What the task requires
Each line of the data should be transcribed exactly as given.

Entries provided
┌──

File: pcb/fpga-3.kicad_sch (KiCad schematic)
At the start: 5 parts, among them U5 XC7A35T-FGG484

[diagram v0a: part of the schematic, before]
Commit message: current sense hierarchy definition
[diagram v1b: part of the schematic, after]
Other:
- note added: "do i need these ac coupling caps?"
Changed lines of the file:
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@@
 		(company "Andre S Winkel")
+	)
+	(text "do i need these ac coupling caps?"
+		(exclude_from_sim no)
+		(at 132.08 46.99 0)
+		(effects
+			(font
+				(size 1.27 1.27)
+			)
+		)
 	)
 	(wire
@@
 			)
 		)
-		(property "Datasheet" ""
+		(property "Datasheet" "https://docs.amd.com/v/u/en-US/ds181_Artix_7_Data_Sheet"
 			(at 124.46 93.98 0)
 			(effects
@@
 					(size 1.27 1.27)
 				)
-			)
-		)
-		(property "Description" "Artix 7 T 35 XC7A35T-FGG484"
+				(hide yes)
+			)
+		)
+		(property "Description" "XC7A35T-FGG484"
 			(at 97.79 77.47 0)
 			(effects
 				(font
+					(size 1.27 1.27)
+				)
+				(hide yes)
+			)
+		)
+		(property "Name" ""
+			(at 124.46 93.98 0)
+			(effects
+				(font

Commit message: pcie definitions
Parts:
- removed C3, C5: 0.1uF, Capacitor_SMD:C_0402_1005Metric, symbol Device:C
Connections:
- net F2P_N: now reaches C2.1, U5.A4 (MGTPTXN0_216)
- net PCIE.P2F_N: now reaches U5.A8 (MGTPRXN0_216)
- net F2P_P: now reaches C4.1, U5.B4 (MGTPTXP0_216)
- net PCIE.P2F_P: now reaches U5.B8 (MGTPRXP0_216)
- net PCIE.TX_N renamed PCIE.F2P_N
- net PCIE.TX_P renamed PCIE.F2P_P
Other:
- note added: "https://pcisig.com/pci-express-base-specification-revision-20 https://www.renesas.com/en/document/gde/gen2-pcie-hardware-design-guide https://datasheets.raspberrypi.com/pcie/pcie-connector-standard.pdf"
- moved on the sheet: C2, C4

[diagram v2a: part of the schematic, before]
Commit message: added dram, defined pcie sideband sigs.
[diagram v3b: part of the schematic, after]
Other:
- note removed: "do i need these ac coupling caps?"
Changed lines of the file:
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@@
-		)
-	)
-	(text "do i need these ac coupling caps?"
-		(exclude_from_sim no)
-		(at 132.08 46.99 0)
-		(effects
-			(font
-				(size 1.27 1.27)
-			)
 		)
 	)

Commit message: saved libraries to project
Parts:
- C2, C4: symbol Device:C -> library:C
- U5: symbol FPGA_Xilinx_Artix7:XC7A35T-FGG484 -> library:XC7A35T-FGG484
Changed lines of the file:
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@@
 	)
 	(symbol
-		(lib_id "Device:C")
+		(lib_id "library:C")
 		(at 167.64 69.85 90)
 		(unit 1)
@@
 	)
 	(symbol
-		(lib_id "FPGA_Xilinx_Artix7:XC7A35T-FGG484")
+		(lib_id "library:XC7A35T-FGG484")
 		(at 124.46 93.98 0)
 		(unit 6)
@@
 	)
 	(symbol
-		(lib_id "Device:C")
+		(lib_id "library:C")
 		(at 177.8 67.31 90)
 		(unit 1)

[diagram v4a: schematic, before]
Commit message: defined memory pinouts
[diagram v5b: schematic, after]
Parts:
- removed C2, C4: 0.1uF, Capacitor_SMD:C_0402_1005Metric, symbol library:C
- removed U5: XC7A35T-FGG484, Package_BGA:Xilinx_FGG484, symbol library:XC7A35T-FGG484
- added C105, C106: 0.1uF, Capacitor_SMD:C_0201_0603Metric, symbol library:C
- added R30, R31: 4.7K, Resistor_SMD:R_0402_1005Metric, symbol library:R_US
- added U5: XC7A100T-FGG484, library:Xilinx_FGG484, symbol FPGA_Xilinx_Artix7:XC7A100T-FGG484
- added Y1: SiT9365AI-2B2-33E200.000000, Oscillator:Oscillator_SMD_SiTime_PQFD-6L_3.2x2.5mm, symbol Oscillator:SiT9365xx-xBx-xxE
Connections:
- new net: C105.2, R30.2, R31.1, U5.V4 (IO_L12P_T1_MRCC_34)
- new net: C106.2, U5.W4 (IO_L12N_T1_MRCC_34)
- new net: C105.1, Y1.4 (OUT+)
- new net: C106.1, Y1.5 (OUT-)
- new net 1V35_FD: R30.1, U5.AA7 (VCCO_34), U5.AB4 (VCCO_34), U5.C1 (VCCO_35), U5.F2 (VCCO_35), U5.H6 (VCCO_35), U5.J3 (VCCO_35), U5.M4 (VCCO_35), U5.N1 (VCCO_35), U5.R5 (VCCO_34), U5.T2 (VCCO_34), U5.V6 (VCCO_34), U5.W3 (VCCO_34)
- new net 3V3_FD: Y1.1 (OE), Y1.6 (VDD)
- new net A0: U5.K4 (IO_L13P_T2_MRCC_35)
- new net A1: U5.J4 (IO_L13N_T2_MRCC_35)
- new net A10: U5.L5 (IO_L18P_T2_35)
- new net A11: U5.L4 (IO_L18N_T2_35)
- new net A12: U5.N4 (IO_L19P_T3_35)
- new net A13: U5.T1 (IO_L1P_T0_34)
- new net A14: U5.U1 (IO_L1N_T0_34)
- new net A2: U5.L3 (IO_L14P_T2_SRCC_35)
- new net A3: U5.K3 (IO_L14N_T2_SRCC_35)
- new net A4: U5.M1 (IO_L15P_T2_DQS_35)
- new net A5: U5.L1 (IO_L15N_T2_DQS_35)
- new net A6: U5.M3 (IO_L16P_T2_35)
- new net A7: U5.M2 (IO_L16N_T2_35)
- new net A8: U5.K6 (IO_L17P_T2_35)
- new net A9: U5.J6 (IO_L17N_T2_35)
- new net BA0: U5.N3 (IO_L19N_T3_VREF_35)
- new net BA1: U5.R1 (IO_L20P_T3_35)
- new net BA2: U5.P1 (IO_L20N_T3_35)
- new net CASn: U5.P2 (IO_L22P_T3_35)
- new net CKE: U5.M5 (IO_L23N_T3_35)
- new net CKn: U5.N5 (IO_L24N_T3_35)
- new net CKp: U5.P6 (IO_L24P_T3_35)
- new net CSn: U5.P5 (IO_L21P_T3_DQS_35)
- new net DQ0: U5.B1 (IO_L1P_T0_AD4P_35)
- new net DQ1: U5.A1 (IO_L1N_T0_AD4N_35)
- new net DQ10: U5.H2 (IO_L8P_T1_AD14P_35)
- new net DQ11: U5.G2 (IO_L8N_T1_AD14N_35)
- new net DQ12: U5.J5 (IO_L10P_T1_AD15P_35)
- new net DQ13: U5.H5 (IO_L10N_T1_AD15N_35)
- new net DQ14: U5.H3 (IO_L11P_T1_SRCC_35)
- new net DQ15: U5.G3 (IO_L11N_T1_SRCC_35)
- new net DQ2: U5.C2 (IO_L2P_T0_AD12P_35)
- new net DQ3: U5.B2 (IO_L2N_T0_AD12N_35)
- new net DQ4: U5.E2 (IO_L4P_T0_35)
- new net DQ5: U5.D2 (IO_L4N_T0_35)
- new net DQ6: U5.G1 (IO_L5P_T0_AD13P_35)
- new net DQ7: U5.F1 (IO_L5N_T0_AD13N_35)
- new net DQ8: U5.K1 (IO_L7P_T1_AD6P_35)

└──

Reply to the exercise
File: pcb/fpga-3.kicad_sch (KiCad schematic)
At the start: 5 parts, among them U5 XC7A35T-FGG484

[diagram v0a: part of the schematic, before]
Commit message: current sense hierarchy definition
[diagram v1b: part of the schematic, after]
Other:
- note added: "do i need these ac coupling caps?"
Changed lines of the file:
@@
 		(company "Andre S Winkel")
+	)
+	(text "do i need these ac coupling caps?"
+		(exclude_from_sim no)
+		(at 132.08 46.99 0)
+		(effects
+			(font
+				(size 1.27 1.27)
+			)
+		)
 	)
 	(wire
@@
 			)
 		)
-		(property "Datasheet" ""
+		(property "Datasheet" "https://docs.amd.com/v/u/en-US/ds181_Artix_7_Data_Sheet"
 			(at 124.46 93.98 0)
 			(effects
@@
 					(size 1.27 1.27)
 				)
-			)
-		)
-		(property "Description" "Artix 7 T 35 XC7A35T-FGG484"
+				(hide yes)
+			)
+		)
+		(property "Description" "XC7A35T-FGG484"
 			(at 97.79 77.47 0)
 			(effects
 				(font
+					(size 1.27 1.27)
+				)
+				(hide yes)
+			)
+		)
+		(property "Name" ""
+			(at 124.46 93.98 0)
+			(effects
+				(font

Commit message: pcie definitions
Parts:
- removed C3, C5: 0.1uF, Capacitor_SMD:C_0402_1005Metric, symbol Device:C
Connections:
- net F2P_N: now reaches C2.1, U5.A4 (MGTPTXN0_216)
- net PCIE.P2F_N: now reaches U5.A8 (MGTPRXN0_216)
- net F2P_P: now reaches C4.1, U5.B4 (MGTPTXP0_216)
- net PCIE.P2F_P: now reaches U5.B8 (MGTPRXP0_216)
- net PCIE.TX_N renamed PCIE.F2P_N
- net PCIE.TX_P renamed PCIE.F2P_P
Other:
- note added: "https://pcisig.com/pci-express-base-specification-revision-20 https://www.renesas.com/en/document/gde/gen2-pcie-hardware-design-guide https://datasheets.raspberrypi.com/pcie/pcie-connector-standard.pdf"
- moved on the sheet: C2, C4

[diagram v2a: part of the schematic, before]
Commit message: added dram, defined pcie sideband sigs.
[diagram v3b: part of the schematic, after]
Other:
- note removed: "do i need these ac coupling caps?"
Changed lines of the file:
@@
-		)
-	)
-	(text "do i need these ac coupling caps?"
-		(exclude_from_sim no)
-		(at 132.08 46.99 0)
-		(effects
-			(font
-				(size 1.27 1.27)
-			)
 		)
 	)

Commit message: saved libraries to project
Parts:
- C2, C4: symbol Device:C -> library:C
- U5: symbol FPGA_Xilinx_Artix7:XC7A35T-FGG484 -> library:XC7A35T-FGG484
Changed lines of the file:
@@
 	)
 	(symbol
-		(lib_id "Device:C")
+		(lib_id "library:C")
 		(at 167.64 69.85 90)
 		(unit 1)
@@
 	)
 	(symbol
-		(lib_id "FPGA_Xilinx_Artix7:XC7A35T-FGG484")
+		(lib_id "library:XC7A35T-FGG484")
 		(at 124.46 93.98 0)
 		(unit 6)
@@
 	)
 	(symbol
-		(lib_id "Device:C")
+		(lib_id "library:C")
 		(at 177.8 67.31 90)
 		(unit 1)

[diagram v4a: schematic, before]
Commit message: defined memory pinouts
[diagram v5b: schematic, after]
Parts:
- removed C2, C4: 0.1uF, Capacitor_SMD:C_0402_1005Metric, symbol library:C
- removed U5: XC7A35T-FGG484, Package_BGA:Xilinx_FGG484, symbol library:XC7A35T-FGG484
- added C105, C106: 0.1uF, Capacitor_SMD:C_0201_0603Metric, symbol library:C
- added R30, R31: 4.7K, Resistor_SMD:R_0402_1005Metric, symbol library:R_US
- added U5: XC7A100T-FGG484, library:Xilinx_FGG484, symbol FPGA_Xilinx_Artix7:XC7A100T-FGG484
- added Y1: SiT9365AI-2B2-33E200.000000, Oscillator:Oscillator_SMD_SiTime_PQFD-6L_3.2x2.5mm, symbol Oscillator:SiT9365xx-xBx-xxE
Connections:
- new net: C105.2, R30.2, R31.1, U5.V4 (IO_L12P_T1_MRCC_34)
- new net: C106.2, U5.W4 (IO_L12N_T1_MRCC_34)
- new net: C105.1, Y1.4 (OUT+)
- new net: C106.1, Y1.5 (OUT-)
- new net 1V35_FD: R30.1, U5.AA7 (VCCO_34), U5.AB4 (VCCO_34), U5.C1 (VCCO_35), U5.F2 (VCCO_35), U5.H6 (VCCO_35), U5.J3 (VCCO_35), U5.M4 (VCCO_35), U5.N1 (VCCO_35), U5.R5 (VCCO_34), U5.T2 (VCCO_34), U5.V6 (VCCO_34), U5.W3 (VCCO_34)
- new net 3V3_FD: Y1.1 (OE), Y1.6 (VDD)
- new net A0: U5.K4 (IO_L13P_T2_MRCC_35)
- new net A1: U5.J4 (IO_L13N_T2_MRCC_35)
- new net A10: U5.L5 (IO_L18P_T2_35)
- new net A11: U5.L4 (IO_L18N_T2_35)
- new net A12: U5.N4 (IO_L19P_T3_35)
- new net A13: U5.T1 (IO_L1P_T0_34)
- new net A14: U5.U1 (IO_L1N_T0_34)
- new net A2: U5.L3 (IO_L14P_T2_SRCC_35)
- new net A3: U5.K3 (IO_L14N_T2_SRCC_35)
- new net A4: U5.M1 (IO_L15P_T2_DQS_35)
- new net A5: U5.L1 (IO_L15N_T2_DQS_35)
- new net A6: U5.M3 (IO_L16P_T2_35)
- new net A7: U5.M2 (IO_L16N_T2_35)
- new net A8: U5.K6 (IO_L17P_T2_35)
- new net A9: U5.J6 (IO_L17N_T2_35)
- new net BA0: U5.N3 (IO_L19N_T3_VREF_35)
- new net BA1: U5.R1 (IO_L20P_T3_35)
- new net BA2: U5.P1 (IO_L20N_T3_35)
- new net CASn: U5.P2 (IO_L22P_T3_35)
- new net CKE: U5.M5 (IO_L23N_T3_35)
- new net CKn: U5.N5 (IO_L24N_T3_35)
- new net CKp: U5.P6 (IO_L24P_T3_35)
- new net CSn: U5.P5 (IO_L21P_T3_DQS_35)
- new net DQ0: U5.B1 (IO_L1P_T0_AD4P_35)
- new net DQ1: U5.A1 (IO_L1N_T0_AD4N_35)
- new net DQ10: U5.H2 (IO_L8P_T1_AD14P_35)
- new net DQ11: U5.G2 (IO_L8N_T1_AD14N_35)
- new net DQ12: U5.J5 (IO_L10P_T1_AD15P_35)
- new net DQ13: U5.H5 (IO_L10N_T1_AD15N_35)
- new net DQ14: U5.H3 (IO_L11P_T1_SRCC_35)
- new net DQ15: U5.G3 (IO_L11N_T1_SRCC_35)
- new net DQ2: U5.C2 (IO_L2P_T0_AD12P_35)
- new net DQ3: U5.B2 (IO_L2N_T0_AD12N_35)
- new net DQ4: U5.E2 (IO_L4P_T0_35)
- new net DQ5: U5.D2 (IO_L4N_T0_35)
- new net DQ6: U5.G1 (IO_L5P_T0_AD13P_35)
- new net DQ7: U5.F1 (IO_L5N_T0_AD13N_35)
- new net DQ8: U5.K1 (IO_L7P_T1_AD6P_35)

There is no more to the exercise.